- WHAT IS BEING ASKED -
The entries that follow should be repeated exactly, with no pictures kept.

- PROVIDED RECORDS -
BEGIN

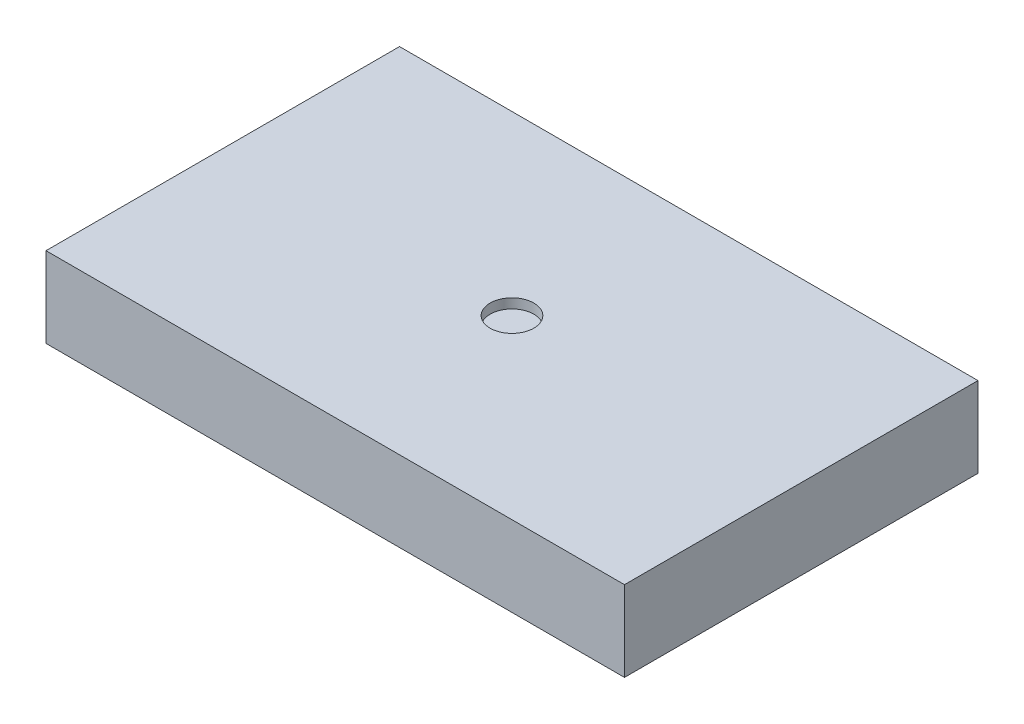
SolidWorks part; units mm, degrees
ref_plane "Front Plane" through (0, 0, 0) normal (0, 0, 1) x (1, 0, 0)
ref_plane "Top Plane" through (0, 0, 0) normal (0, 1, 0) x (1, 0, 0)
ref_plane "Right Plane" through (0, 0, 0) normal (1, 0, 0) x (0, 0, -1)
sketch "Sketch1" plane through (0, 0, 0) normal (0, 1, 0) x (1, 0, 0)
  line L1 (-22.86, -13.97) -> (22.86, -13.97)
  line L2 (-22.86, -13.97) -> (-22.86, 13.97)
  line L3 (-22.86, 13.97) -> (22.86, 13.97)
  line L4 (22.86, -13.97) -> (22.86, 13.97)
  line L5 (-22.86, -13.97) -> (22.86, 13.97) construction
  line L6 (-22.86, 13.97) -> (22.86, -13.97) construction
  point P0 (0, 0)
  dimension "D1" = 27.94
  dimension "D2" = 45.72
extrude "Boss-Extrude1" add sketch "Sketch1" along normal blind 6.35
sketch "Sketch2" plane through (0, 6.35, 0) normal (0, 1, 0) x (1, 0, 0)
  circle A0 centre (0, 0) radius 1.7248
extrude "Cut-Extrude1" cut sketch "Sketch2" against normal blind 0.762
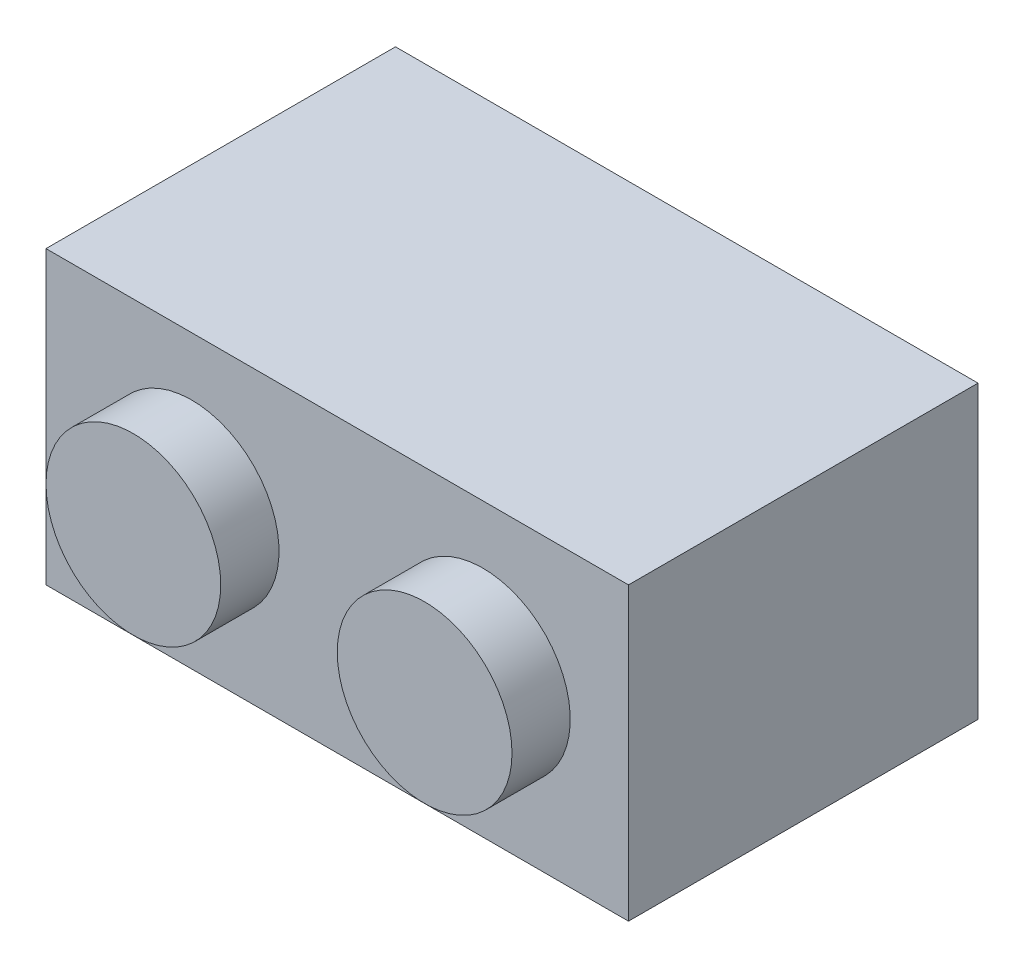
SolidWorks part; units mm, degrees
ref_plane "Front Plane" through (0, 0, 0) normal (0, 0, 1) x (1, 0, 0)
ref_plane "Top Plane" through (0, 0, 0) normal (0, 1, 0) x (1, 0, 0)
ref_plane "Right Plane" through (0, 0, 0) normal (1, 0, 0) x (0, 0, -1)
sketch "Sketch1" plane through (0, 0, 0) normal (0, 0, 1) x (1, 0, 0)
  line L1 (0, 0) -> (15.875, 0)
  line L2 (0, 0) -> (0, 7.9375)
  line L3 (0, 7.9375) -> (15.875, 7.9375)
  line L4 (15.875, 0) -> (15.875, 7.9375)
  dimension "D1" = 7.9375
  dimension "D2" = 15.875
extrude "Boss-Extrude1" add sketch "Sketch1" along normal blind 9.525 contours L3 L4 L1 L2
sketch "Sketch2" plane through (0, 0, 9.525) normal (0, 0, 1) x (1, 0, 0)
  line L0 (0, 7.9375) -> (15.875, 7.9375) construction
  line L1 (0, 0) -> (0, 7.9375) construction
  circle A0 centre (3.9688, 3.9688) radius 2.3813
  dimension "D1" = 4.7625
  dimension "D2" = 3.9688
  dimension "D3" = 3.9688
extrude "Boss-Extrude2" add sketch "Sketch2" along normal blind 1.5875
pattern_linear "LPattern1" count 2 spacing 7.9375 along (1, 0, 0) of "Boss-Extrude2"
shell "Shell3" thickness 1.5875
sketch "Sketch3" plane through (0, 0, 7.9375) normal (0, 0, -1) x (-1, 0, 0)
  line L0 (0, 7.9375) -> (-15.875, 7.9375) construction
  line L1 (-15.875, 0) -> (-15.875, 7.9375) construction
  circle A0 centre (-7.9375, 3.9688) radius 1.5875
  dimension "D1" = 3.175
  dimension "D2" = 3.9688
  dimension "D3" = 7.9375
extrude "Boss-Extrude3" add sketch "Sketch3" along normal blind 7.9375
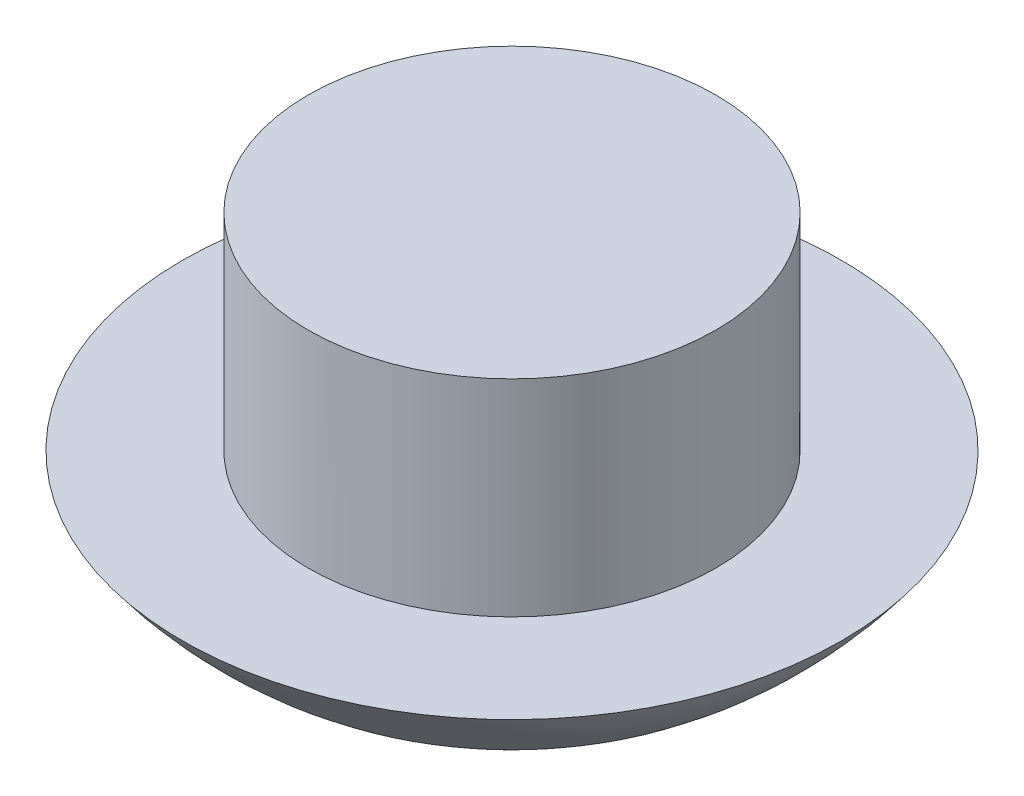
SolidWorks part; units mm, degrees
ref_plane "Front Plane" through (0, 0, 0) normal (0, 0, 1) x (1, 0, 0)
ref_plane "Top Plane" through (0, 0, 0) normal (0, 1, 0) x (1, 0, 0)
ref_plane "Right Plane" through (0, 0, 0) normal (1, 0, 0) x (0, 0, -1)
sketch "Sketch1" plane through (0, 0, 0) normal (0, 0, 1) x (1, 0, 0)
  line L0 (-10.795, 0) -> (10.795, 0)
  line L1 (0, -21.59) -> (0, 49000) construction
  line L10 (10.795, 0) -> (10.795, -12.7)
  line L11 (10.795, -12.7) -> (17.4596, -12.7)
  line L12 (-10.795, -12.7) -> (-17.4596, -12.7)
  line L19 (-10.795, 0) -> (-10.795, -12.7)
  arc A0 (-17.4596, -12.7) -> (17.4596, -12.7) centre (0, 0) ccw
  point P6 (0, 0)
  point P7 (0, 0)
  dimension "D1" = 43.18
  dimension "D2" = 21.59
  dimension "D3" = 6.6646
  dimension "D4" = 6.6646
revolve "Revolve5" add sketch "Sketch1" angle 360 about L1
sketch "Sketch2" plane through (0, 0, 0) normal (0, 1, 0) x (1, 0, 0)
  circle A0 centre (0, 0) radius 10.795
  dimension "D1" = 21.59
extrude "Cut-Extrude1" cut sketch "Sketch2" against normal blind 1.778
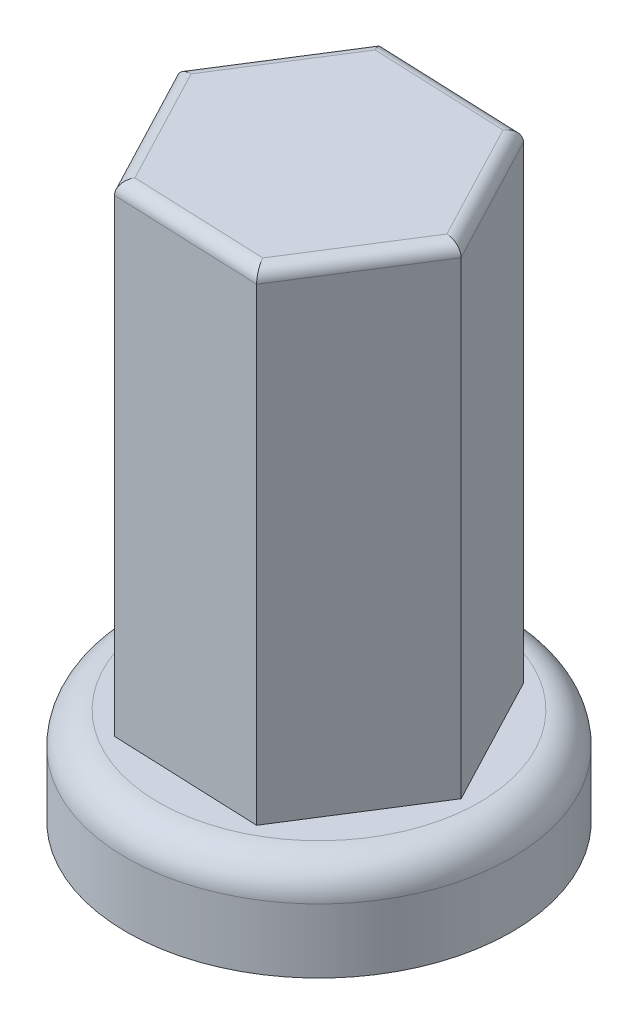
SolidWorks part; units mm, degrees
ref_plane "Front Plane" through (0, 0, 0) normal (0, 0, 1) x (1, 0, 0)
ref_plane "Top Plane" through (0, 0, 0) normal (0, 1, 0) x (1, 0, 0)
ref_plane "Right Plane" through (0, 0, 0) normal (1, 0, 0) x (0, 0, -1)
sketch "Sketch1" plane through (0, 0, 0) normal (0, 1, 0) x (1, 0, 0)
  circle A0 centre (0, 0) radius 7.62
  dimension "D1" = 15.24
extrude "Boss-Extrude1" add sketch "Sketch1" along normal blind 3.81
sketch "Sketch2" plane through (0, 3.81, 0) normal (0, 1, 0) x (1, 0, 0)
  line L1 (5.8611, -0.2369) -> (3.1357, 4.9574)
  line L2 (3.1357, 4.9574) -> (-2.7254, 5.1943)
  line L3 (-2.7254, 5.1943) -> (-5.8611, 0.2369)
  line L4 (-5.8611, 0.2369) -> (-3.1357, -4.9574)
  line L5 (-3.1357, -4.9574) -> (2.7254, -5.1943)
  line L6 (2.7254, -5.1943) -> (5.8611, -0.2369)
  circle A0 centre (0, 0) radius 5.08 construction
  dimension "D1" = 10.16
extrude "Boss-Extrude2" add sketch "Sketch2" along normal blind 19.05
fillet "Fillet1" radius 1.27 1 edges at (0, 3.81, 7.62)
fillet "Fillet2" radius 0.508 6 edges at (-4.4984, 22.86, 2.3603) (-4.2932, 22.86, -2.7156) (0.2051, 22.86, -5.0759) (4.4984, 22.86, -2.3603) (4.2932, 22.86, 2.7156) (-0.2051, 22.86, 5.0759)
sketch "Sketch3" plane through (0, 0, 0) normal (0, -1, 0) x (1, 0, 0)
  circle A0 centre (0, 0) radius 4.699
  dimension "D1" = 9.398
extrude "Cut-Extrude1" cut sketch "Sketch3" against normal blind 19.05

END

- YOUR SOLUTION -
SolidWorks part; units mm, degrees
ref_plane "Front Plane" through (0, 0, 0) normal (0, 0, 1) x (1, 0, 0)
ref_plane "Top Plane" through (0, 0, 0) normal (0, 1, 0) x (1, 0, 0)
ref_plane "Right Plane" through (0, 0, 0) normal (1, 0, 0) x (0, 0, -1)
sketch "Sketch1" plane through (0, 0, 0) normal (0, 1, 0) x (1, 0, 0)
  line L1 (-22.86, -13.97) -> (22.86, -13.97)
  line L2 (-22.86, -13.97) -> (-22.86, 13.97)
  line L3 (-22.86, 13.97) -> (22.86, 13.97)
  line L4 (22.86, -13.97) -> (22.86, 13.97)
  line L5 (-22.86, -13.97) -> (22.86, 13.97) construction
  line L6 (-22.86, 13.97) -> (22.86, -13.97) construction
  point P0 (0, 0)
  dimension "D1" = 27.94
  dimension "D2" = 45.72
extrude "Boss-Extrude1" add sketch "Sketch1" along normal blind 6.35
sketch "Sketch2" plane through (0, 6.35, 0) normal (0, 1, 0) x (1, 0, 0)
  circle A0 centre (0, 0) radius 1.7248
extrude "Cut-Extrude1" cut sketch "Sketch2" against normal blind 0.762
SolidWorks part; units mm, degrees
ref_plane "Front Plane" through (0, 0, 0) normal (0, 0, 1) x (1, 0, 0)
ref_plane "Top Plane" through (0, 0, 0) normal (0, 1, 0) x (1, 0, 0)
ref_plane "Right Plane" through (0, 0, 0) normal (1, 0, 0) x (0, 0, -1)
sketch "Sketch1" plane through (0, 0, 0) normal (0, 0, 1) x (1, 0, 0)
  line L1 (0, 0) -> (15.875, 0)
  line L2 (0, 0) -> (0, 7.9375)
  line L3 (0, 7.9375) -> (15.875, 7.9375)
  line L4 (15.875, 0) -> (15.875, 7.9375)
  dimension "D1" = 7.9375
  dimension "D2" = 15.875
extrude "Boss-Extrude1" add sketch "Sketch1" along normal blind 9.525 contours L3 L4 L1 L2
sketch "Sketch2" plane through (0, 0, 9.525) normal (0, 0, 1) x (1, 0, 0)
  line L0 (0, 7.9375) -> (15.875, 7.9375) construction
  line L1 (0, 0) -> (0, 7.9375) construction
  circle A0 centre (3.9688, 3.9688) radius 2.3813
  dimension "D1" = 4.7625
  dimension "D2" = 3.9688
  dimension "D3" = 3.9688
extrude "Boss-Extrude2" add sketch "Sketch2" along normal blind 1.5875
pattern_linear "LPattern1" count 2 spacing 7.9375 along (1, 0, 0) of "Boss-Extrude2"
shell "Shell3" thickness 1.5875
sketch "Sketch3" plane through (0, 0, 7.9375) normal (0, 0, -1) x (-1, 0, 0)
  line L0 (0, 7.9375) -> (-15.875, 7.9375) construction
  line L1 (-15.875, 0) -> (-15.875, 7.9375) construction
  circle A0 centre (-7.9375, 3.9688) radius 1.5875
  dimension "D1" = 3.175
  dimension "D2" = 3.9688
  dimension "D3" = 7.9375
extrude "Boss-Extrude3" add sketch "Sketch3" along normal blind 7.9375
SolidWorks part; units mm, degrees
ref_plane "Front Plane" through (0, 0, 0) normal (0, 0, 1) x (1, 0, 0)
ref_plane "Top Plane" through (0, 0, 0) normal (0, 1, 0) x (1, 0, 0)
ref_plane "Right Plane" through (0, 0, 0) normal (1, 0, 0) x (0, 0, -1)
sketch "Sketch1" plane through (0, 0, 0) normal (0, 0, 1) x (1, 0, 0)
  line L0 (-10.795, 0) -> (10.795, 0)
  line L1 (0, -21.59) -> (0, 49000) construction
  line L10 (10.795, 0) -> (10.795, -12.7)
  line L11 (10.795, -12.7) -> (17.4596, -12.7)
  line L12 (-10.795, -12.7) -> (-17.4596, -12.7)
  line L19 (-10.795, 0) -> (-10.795, -12.7)
  arc A0 (-17.4596, -12.7) -> (17.4596, -12.7) centre (0, 0) ccw
  point P6 (0, 0)
  point P7 (0, 0)
  dimension "D1" = 43.18
  dimension "D2" = 21.59
  dimension "D3" = 6.6646
  dimension "D4" = 6.6646
revolve "Revolve5" add sketch "Sketch1" angle 360 about L1
sketch "Sketch2" plane through (0, 0, 0) normal (0, 1, 0) x (1, 0, 0)
  circle A0 centre (0, 0) radius 10.795
  dimension "D1" = 21.59
extrude "Cut-Extrude1" cut sketch "Sketch2" against normal blind 1.778
SolidWorks part; units mm, degrees
ref_plane "Front Plane" through (0, 0, 0) normal (0, 0, 1) x (1, 0, 0)
ref_plane "Top Plane" through (0, 0, 0) normal (0, 1, 0) x (1, 0, 0)
ref_plane "Right Plane" through (0, 0, 0) normal (1, 0, 0) x (0, 0, -1)
sketch "Sketch1" plane through (0, 0, 0) normal (0, 1, 0) x (1, 0, 0)
  circle A0 centre (0, 0) radius 7.62
  dimension "D1" = 15.24
extrude "Boss-Extrude1" add sketch "Sketch1" along normal blind 3.81
sketch "Sketch2" plane through (0, 3.81, 0) normal (0, 1, 0) x (1, 0, 0)
  line L1 (5.8611, -0.2369) -> (3.1357, 4.9574)
  line L2 (3.1357, 4.9574) -> (-2.7254, 5.1943)
  line L3 (-2.7254, 5.1943) -> (-5.8611, 0.2369)
  line L4 (-5.8611, 0.2369) -> (-3.1357, -4.9574)
  line L5 (-3.1357, -4.9574) -> (2.7254, -5.1943)
  line L6 (2.7254, -5.1943) -> (5.8611, -0.2369)
  circle A0 centre (0, 0) radius 5.08 construction
  dimension "D1" = 10.16
extrude "Boss-Extrude2" add sketch "Sketch2" along normal blind 19.05
fillet "Fillet1" radius 1.27 1 edges at (0, 3.81, 7.62)
fillet "Fillet2" radius 0.508 6 edges at (-4.4984, 22.86, 2.3603) (-4.2932, 22.86, -2.7156) (0.2051, 22.86, -5.0759) (4.4984, 22.86, -2.3603) (4.2932, 22.86, 2.7156) (-0.2051, 22.86, 5.0759)
sketch "Sketch3" plane through (0, 0, 0) normal (0, -1, 0) x (1, 0, 0)
  circle A0 centre (0, 0) radius 4.699
  dimension "D1" = 9.398
extrude "Cut-Extrude1" cut sketch "Sketch3" against normal blind 19.05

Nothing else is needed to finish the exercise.